(Collected data)
+ + +

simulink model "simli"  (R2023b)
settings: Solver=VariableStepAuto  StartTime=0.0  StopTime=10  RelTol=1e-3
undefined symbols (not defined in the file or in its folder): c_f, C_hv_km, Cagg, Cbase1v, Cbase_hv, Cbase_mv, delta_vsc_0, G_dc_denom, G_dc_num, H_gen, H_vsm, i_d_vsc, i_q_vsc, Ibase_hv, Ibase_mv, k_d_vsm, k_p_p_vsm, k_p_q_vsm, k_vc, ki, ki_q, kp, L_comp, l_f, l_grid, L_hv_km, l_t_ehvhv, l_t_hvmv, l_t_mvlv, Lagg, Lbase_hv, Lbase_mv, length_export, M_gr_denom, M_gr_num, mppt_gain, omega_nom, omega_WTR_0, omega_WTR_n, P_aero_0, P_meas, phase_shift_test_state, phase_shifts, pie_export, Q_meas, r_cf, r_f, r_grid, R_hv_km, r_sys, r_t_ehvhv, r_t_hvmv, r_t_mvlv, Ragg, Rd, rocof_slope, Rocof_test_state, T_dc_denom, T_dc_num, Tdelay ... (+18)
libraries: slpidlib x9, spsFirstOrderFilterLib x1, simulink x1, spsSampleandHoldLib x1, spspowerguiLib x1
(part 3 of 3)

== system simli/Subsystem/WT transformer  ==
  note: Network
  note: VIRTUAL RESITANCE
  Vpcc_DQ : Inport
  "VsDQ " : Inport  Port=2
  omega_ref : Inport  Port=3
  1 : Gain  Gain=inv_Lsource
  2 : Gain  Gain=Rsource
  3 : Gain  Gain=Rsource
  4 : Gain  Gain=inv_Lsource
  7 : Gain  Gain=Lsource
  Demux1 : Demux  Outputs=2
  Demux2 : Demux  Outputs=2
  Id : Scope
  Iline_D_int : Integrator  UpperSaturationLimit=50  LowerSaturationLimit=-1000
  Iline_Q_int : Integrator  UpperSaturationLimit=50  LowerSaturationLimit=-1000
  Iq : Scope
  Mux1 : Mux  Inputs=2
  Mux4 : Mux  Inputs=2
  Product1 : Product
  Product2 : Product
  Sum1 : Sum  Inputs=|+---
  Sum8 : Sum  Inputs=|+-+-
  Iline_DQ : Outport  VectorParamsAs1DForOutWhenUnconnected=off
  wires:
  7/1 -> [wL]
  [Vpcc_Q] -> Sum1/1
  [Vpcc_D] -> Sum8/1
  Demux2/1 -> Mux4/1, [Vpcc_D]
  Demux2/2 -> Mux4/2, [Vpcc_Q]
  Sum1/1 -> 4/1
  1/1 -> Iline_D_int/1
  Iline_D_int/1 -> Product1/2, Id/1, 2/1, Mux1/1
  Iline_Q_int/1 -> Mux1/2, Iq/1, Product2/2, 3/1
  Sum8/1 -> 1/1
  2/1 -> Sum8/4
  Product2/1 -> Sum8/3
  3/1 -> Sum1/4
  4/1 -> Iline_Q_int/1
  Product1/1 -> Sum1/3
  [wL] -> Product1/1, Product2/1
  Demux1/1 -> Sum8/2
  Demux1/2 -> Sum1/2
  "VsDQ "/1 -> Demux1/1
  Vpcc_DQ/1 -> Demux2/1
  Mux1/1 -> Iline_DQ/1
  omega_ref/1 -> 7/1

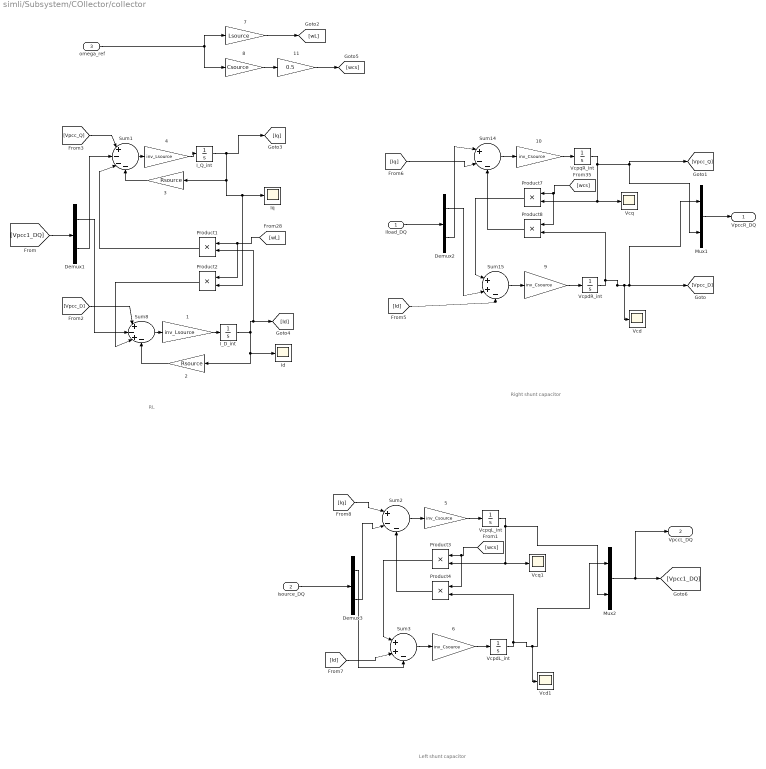
== system simli/Subsystem/COllector/collector ==
  note: RL
  note: Right shunt capacitor
  note: Left shunt capacitor
  Iload_DQ : Inport
  "Isource_DQ " : Inport  Port=2
  omega_ref : Inport  Port=3
  1 : Gain  Gain=inv_Lsource
  {5..6,9..10} (4 alike) : Gain  Gain=inv_Csource
  11 : Gain  Gain=0.5
  2 : Gain  Gain=Rsource
  3 : Gain  Gain=Rsource
  4 : Gain  Gain=inv_Lsource
  7 : Gain  Gain=Lsource
  8 : Gain  Gain=Csource
  Demux1 : Demux  Outputs=2
  Demux2 : Demux  Outputs=2
  Demux3 : Demux  Outputs=2
  I_D_int : Integrator  UpperSaturationLimit=50  LowerSaturationLimit=-1000
  I_Q_int : Integrator  UpperSaturationLimit=50  LowerSaturationLimit=-1000
  Id : Scope
  Iq : Scope
  Mux1 : Mux  Inputs=2
  Mux2 : Mux  Inputs=2
  Product{1..4,7..8} (6 alike) : Product
  Sum1 : Sum  Inputs=|+---
  Sum14 : Sum  Inputs=|+--
  Sum15 : Sum  Inputs=|++-
  Sum2 : Sum  Inputs=|+--
  Sum3 : Sum  Inputs=|++-
  Sum8 : Sum  Inputs=|+-+-
  Vcd : Scope
  Vcd1 : Scope
  VcpdL_int : Integrator  UpperSaturationLimit=50  LowerSaturationLimit=-1000
  VcpdR_int : Integrator  UpperSaturationLimit=50  LowerSaturationLimit=-1000
  VcpqL_int : Integrator  UpperSaturationLimit=50  LowerSaturationLimit=-1000
  VcpqR_int : Integrator  UpperSaturationLimit=50  LowerSaturationLimit=-1000
  Vcq : Scope
  Vcq1 : Scope
  VpccR_DQ : Outport  VectorParamsAs1DForOutWhenUnconnected=off
  VpccL_DQ : Outport  Port=2  VectorParamsAs1DForOutWhenUnconnected=off
  wires:
  Iload_DQ/1 -> Demux2/1
  Demux2/2 -> Sum14/1
  Demux2/1 -> Sum15/2
  [wL] -> Product2/1, Product1/1
  Product1/1 -> Sum1/3
  4/1 -> I_Q_int/1
  3/1 -> Sum1/4
  Product2/1 -> Sum8/3
  2/1 -> Sum8/4
  Sum8/1 -> 1/1
  I_Q_int/1 -> 3/1, Product2/2, Iq/1, [Iq]
  I_D_int/1 -> 2/1, Id/1, Product1/2, [Id]
  1/1 -> I_D_int/1
  Sum1/1 -> 4/1
  [Vpcc_D] -> Sum8/1
  [Vpcc_Q] -> Sum1/1
  omega_ref/1 -> 8/1, 7/1
  7/1 -> [wL]
  9/1 -> VcpdR_int/1
  Sum14/1 -> 10/1
  [wcs] -> Product8/1, Product7/1
  [Id] -> Sum15/3
  VcpqR_int/1 -> Mux1/2, [Vpcc_Q], Product7/2, Vcq/1
  Product7/1 -> Sum15/1
  [Iq] -> Sum14/2
  10/1 -> VcpqR_int/1
  Sum15/1 -> 9/1
  Product8/1 -> Sum14/3
  8/1 -> 11/1
  VcpdR_int/1 -> Product8/2, Mux1/1, [Vpcc_D], Vcd/1
  Mux1/1 -> VpccR_DQ/1
  Demux1/1 -> Sum8/2
  Demux1/2 -> Sum1/2
  [Vpcc1_DQ] -> Demux1/1
  VcpdL_int/1 -> Vcd1/1, Mux2/1, Product4/2
  Product4/1 -> Sum2/3
  Sum3/1 -> 6/1
  5/1 -> VcpqL_int/1
  Demux3/2 -> Sum2/2
  Product3/1 -> Sum3/1
  VcpqL_int/1 -> Vcq1/1, Product3/2, Mux2/2
  [wcs] -> Product3/1, Product4/1
  Sum2/1 -> 5/1
  6/1 -> VcpdL_int/1
  "Isource_DQ "/1 -> Demux3/1
  Demux3/1 -> Sum3/3
  [Id] -> Sum3/2
  [Iq] -> Sum2/1
  Mux2/1 -> VpccL_DQ/1, [Vpcc1_DQ]
  11/1 -> [wcs]

== system simli/Subsystem/HVAC CABLE 10 PI SEGMENTS 1/RC sys1 ==
  note: Left shunt capacitor
  note: shunt capacitor
  Iload_DQ : Inport
  "Isource_DQ " : Inport  Port=2
  omega_ref : Inport  Port=3
  1 : Gain  Gain=Rd
  10 : Gain  Gain=inv_Csource
  2 : Gain  Gain=Rd
  8 : Gain  Gain=Csource
  9 : Gain  Gain=inv_Csource
  Demux2 : Demux  Outputs=2
  Demux3 : Demux  Outputs=2
  Display1 : Display
  Display6 : Display
  Mux1 : Mux  Inputs=2
  Mux2 : Mux  Inputs=2
  Product7 : Product
  Product8 : Product
  Sum1 : Sum  Inputs=|++
  Sum14 : Sum  Inputs=|+--
  Sum15 : Sum  Inputs=|++-
  Sum2 : Sum  Inputs=|++
  Sum3 : Sum  Inputs=|+-
  Sum4 : Sum  Inputs=|+-
  Vcd : Scope
  VcpdR_int : Integrator  InitialCondition=VD0  UpperSaturationLimit=50  LowerSaturationLimit=-1000
  VcpqR_int : Integrator  InitialCondition=VQ0  UpperSaturationLimit=50  LowerSaturationLimit=-1000
  Vcq : Scope
  VpccR_DQ : Outport  VectorParamsAs1DForOutWhenUnconnected=off
  wires:
  8/1 -> [wcs], Display1/1
  Mux1/1 -> VpccR_DQ/1
  Product8/1 -> Sum14/3
  Sum15/1 -> 9/1
  10/1 -> VcpqR_int/1
  Product7/1 -> Sum15/1
  VcpqR_int/1 -> Mux2/1, Sum2/1, Product7/2, Vcq/1
  [wcs] -> Product7/1, Product8/1
  Sum14/1 -> 10/1
  9/1 -> VcpdR_int/1
  omega_ref/1 -> 8/1
  Demux2/1 -> Sum4/1, Sum15/2
  Demux2/2 -> Sum3/1, Sum14/1
  Iload_DQ/1 -> Demux2/1
  "Isource_DQ "/1 -> Demux3/1
  Demux3/2 -> Sum3/2, Sum14/2
  Demux3/1 -> Sum4/2, Sum15/3
  VcpdR_int/1 -> Mux2/2, Product8/2, Sum1/1
  Sum1/1 -> Mux1/1
  Sum2/1 -> Mux1/2
  1/1 -> Sum2/2
  2/1 -> Sum1/2
  Mux2/1 -> Display6/1
  Sum3/1 -> 1/1
  Sum4/1 -> 2/1

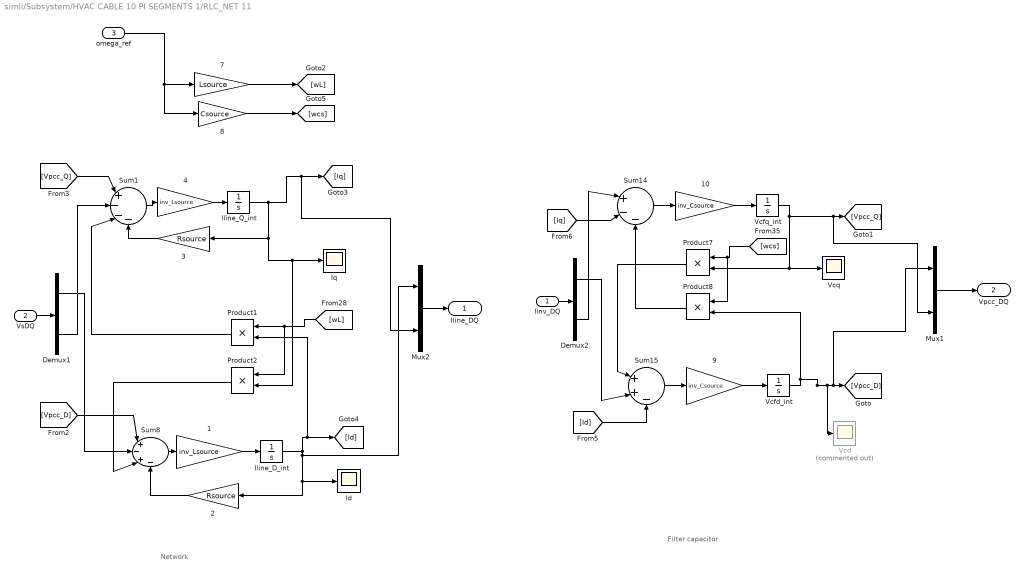
== system simli/Subsystem/HVAC CABLE 10 PI SEGMENTS 1/RLC_NET 11 ==
  note: Network
  note: Filter capacitor
  Iinv_DQ : Inport
  "VsDQ " : Inport  Port=2
  omega_ref : Inport  Port=3
  1 : Gain  Gain=inv_Lsource
  10 : Gain  Gain=inv_Csource
  2 : Gain  Gain=Rsource
  3 : Gain  Gain=Rsource
  4 : Gain  Gain=inv_Lsource
  7 : Gain  Gain=Lsource
  8 : Gain  Gain=Csource
  9 : Gain  Gain=inv_Csource
  Demux1 : Demux  Outputs=2
  Demux2 : Demux  Outputs=2
  Id : Scope
  Iline_D_int : Integrator  UpperSaturationLimit=50  LowerSaturationLimit=-1000
  Iline_Q_int : Integrator  UpperSaturationLimit=50  LowerSaturationLimit=-1000
  Iq : Scope
  Mux1 : Mux  Inputs=2
  Mux2 : Mux  Inputs=2
  Product{1..2,7..8} (4 alike) : Product
  Sum1 : Sum  Inputs=|+---
  Sum14 : Sum  Inputs=|+--
  Sum15 : Sum  Inputs=|++-
  Sum8 : Sum  Inputs=|+-+-
  Vcd : Scope  Commented=on
  Vcfd_int : Integrator  UpperSaturationLimit=50  LowerSaturationLimit=-1000
  Vcfq_int : Integrator  UpperSaturationLimit=50  LowerSaturationLimit=-1000
  Vcq : Scope
  Iline_DQ : Outport  VectorParamsAs1DForOutWhenUnconnected=off
  Vpcc_DQ : Outport  Port=2  VectorParamsAs1DForOutWhenUnconnected=off
  wires:
  Mux2/1 -> Iline_DQ/1
  Iinv_DQ/1 -> Demux2/1
  Demux2/2 -> Sum14/1
  Demux2/1 -> Sum15/2
  [wL] -> Product2/1, Product1/1
  Product1/1 -> Sum1/3
  4/1 -> Iline_Q_int/1
  3/1 -> Sum1/4
  Product2/1 -> Sum8/3
  2/1 -> Sum8/4
  Sum8/1 -> 1/1
  Iline_Q_int/1 -> 3/1, Product2/2, Iq/1, [Iq], Mux2/2
  Iline_D_int/1 -> Mux2/1, 2/1, Id/1, Product1/2, [Id]
  1/1 -> Iline_D_int/1
  Sum1/1 -> 4/1
  [Vpcc_D] -> Sum8/1
  [Vpcc_Q] -> Sum1/1
  omega_ref/1 -> 8/1, 7/1
  7/1 -> [wL]
  9/1 -> Vcfd_int/1
  Sum14/1 -> 10/1
  [wcs] -> Product8/1, Product7/1
  [Id] -> Sum15/3
  Vcfq_int/1 -> Mux1/2, [Vpcc_Q], Product7/2, Vcq/1
  Product7/1 -> Sum15/1
  [Iq] -> Sum14/2
  10/1 -> Vcfq_int/1
  Sum15/1 -> 9/1
  Product8/1 -> Sum14/3
  8/1 -> [wcs]
  Vcfd_int/1 -> Product8/2, Mux1/1, [Vpcc_D], Vcd/1
  Mux1/1 -> Vpcc_DQ/1
  Demux1/1 -> Sum8/2
  Demux1/2 -> Sum1/2
  "VsDQ "/1 -> Demux1/1

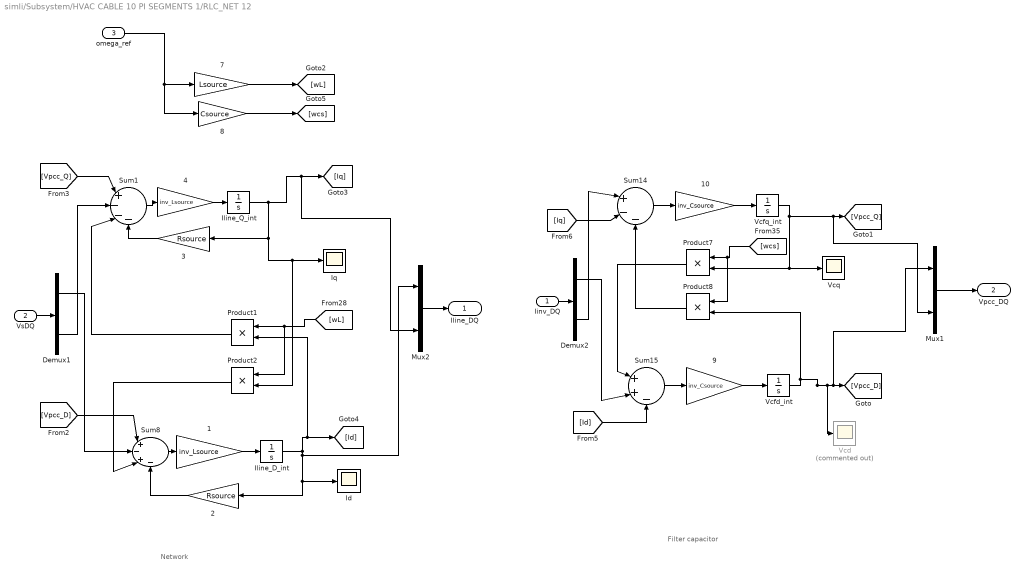
== system simli/Subsystem/HVAC CABLE 10 PI SEGMENTS 1/RLC_NET 12 ==
  note: Filter capacitor
  note: Network
  Iinv_DQ : Inport
  "VsDQ " : Inport  Port=2
  omega_ref : Inport  Port=3
  1 : Gain  Gain=inv_Lsource
  10 : Gain  Gain=inv_Csource
  2 : Gain  Gain=Rsource
  3 : Gain  Gain=Rsource
  4 : Gain  Gain=inv_Lsource
  7 : Gain  Gain=Lsource
  8 : Gain  Gain=Csource
  9 : Gain  Gain=inv_Csource
  Demux1 : Demux  Outputs=2
  Demux2 : Demux  Outputs=2
  Id : Scope
  Iline_D_int : Integrator  UpperSaturationLimit=50  LowerSaturationLimit=-1000
  Iline_Q_int : Integrator  UpperSaturationLimit=50  LowerSaturationLimit=-1000
  Iq : Scope
  Mux1 : Mux  Inputs=2
  Mux2 : Mux  Inputs=2
  Product{1..2,7..8} (4 alike) : Product
  Sum1 : Sum  Inputs=|+---
  Sum14 : Sum  Inputs=|+--
  Sum15 : Sum  Inputs=|++-
  Sum8 : Sum  Inputs=|+-+-
  Vcd : Scope  Commented=on
  Vcfd_int : Integrator  UpperSaturationLimit=50  LowerSaturationLimit=-1000
  Vcfq_int : Integrator  UpperSaturationLimit=50  LowerSaturationLimit=-1000
  Vcq : Scope
  Iline_DQ : Outport  VectorParamsAs1DForOutWhenUnconnected=off
  Vpcc_DQ : Outport  Port=2  VectorParamsAs1DForOutWhenUnconnected=off
  wires:
  "VsDQ "/1 -> Demux1/1
  Demux1/2 -> Sum1/2
  Demux1/1 -> Sum8/2
  Mux1/1 -> Vpcc_DQ/1
  Vcfd_int/1 -> Vcd/1, [Vpcc_D], Mux1/1, Product8/2
  8/1 -> [wcs]
  Product8/1 -> Sum14/3
  Sum15/1 -> 9/1
  10/1 -> Vcfq_int/1
  [Iq] -> Sum14/2
  Product7/1 -> Sum15/1
  Vcfq_int/1 -> Vcq/1, Product7/2, [Vpcc_Q], Mux1/2
  [Id] -> Sum15/3
  [wcs] -> Product7/1, Product8/1
  Sum14/1 -> 10/1
  9/1 -> Vcfd_int/1
  7/1 -> [wL]
  omega_ref/1 -> 7/1, 8/1
  [Vpcc_Q] -> Sum1/1
  [Vpcc_D] -> Sum8/1
  Sum1/1 -> 4/1
  1/1 -> Iline_D_int/1
  Iline_D_int/1 -> [Id], Product1/2, Id/1, 2/1, Mux2/1
  Iline_Q_int/1 -> Mux2/2, [Iq], Iq/1, Product2/2, 3/1
  Sum8/1 -> 1/1
  2/1 -> Sum8/4
  Product2/1 -> Sum8/3
  3/1 -> Sum1/4
  4/1 -> Iline_Q_int/1
  Product1/1 -> Sum1/3
  [wL] -> Product1/1, Product2/1
  Demux2/1 -> Sum15/2
  Demux2/2 -> Sum14/1
  Iinv_DQ/1 -> Demux2/1
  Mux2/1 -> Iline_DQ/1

+ + +

=== WHAT IS EXPECTED ===
Among the entries, find each line that includes the string "HVAC" and copy it.

=== WRITTEN ANSWER ===
== system simli/Subsystem/HVAC CABLE 10 PI SEGMENTS 1/RC sys1 ==
== system simli/Subsystem/HVAC CABLE 10 PI SEGMENTS 1/RLC_NET 11 ==
== system simli/Subsystem/HVAC CABLE 10 PI SEGMENTS 1/RLC_NET 12 ==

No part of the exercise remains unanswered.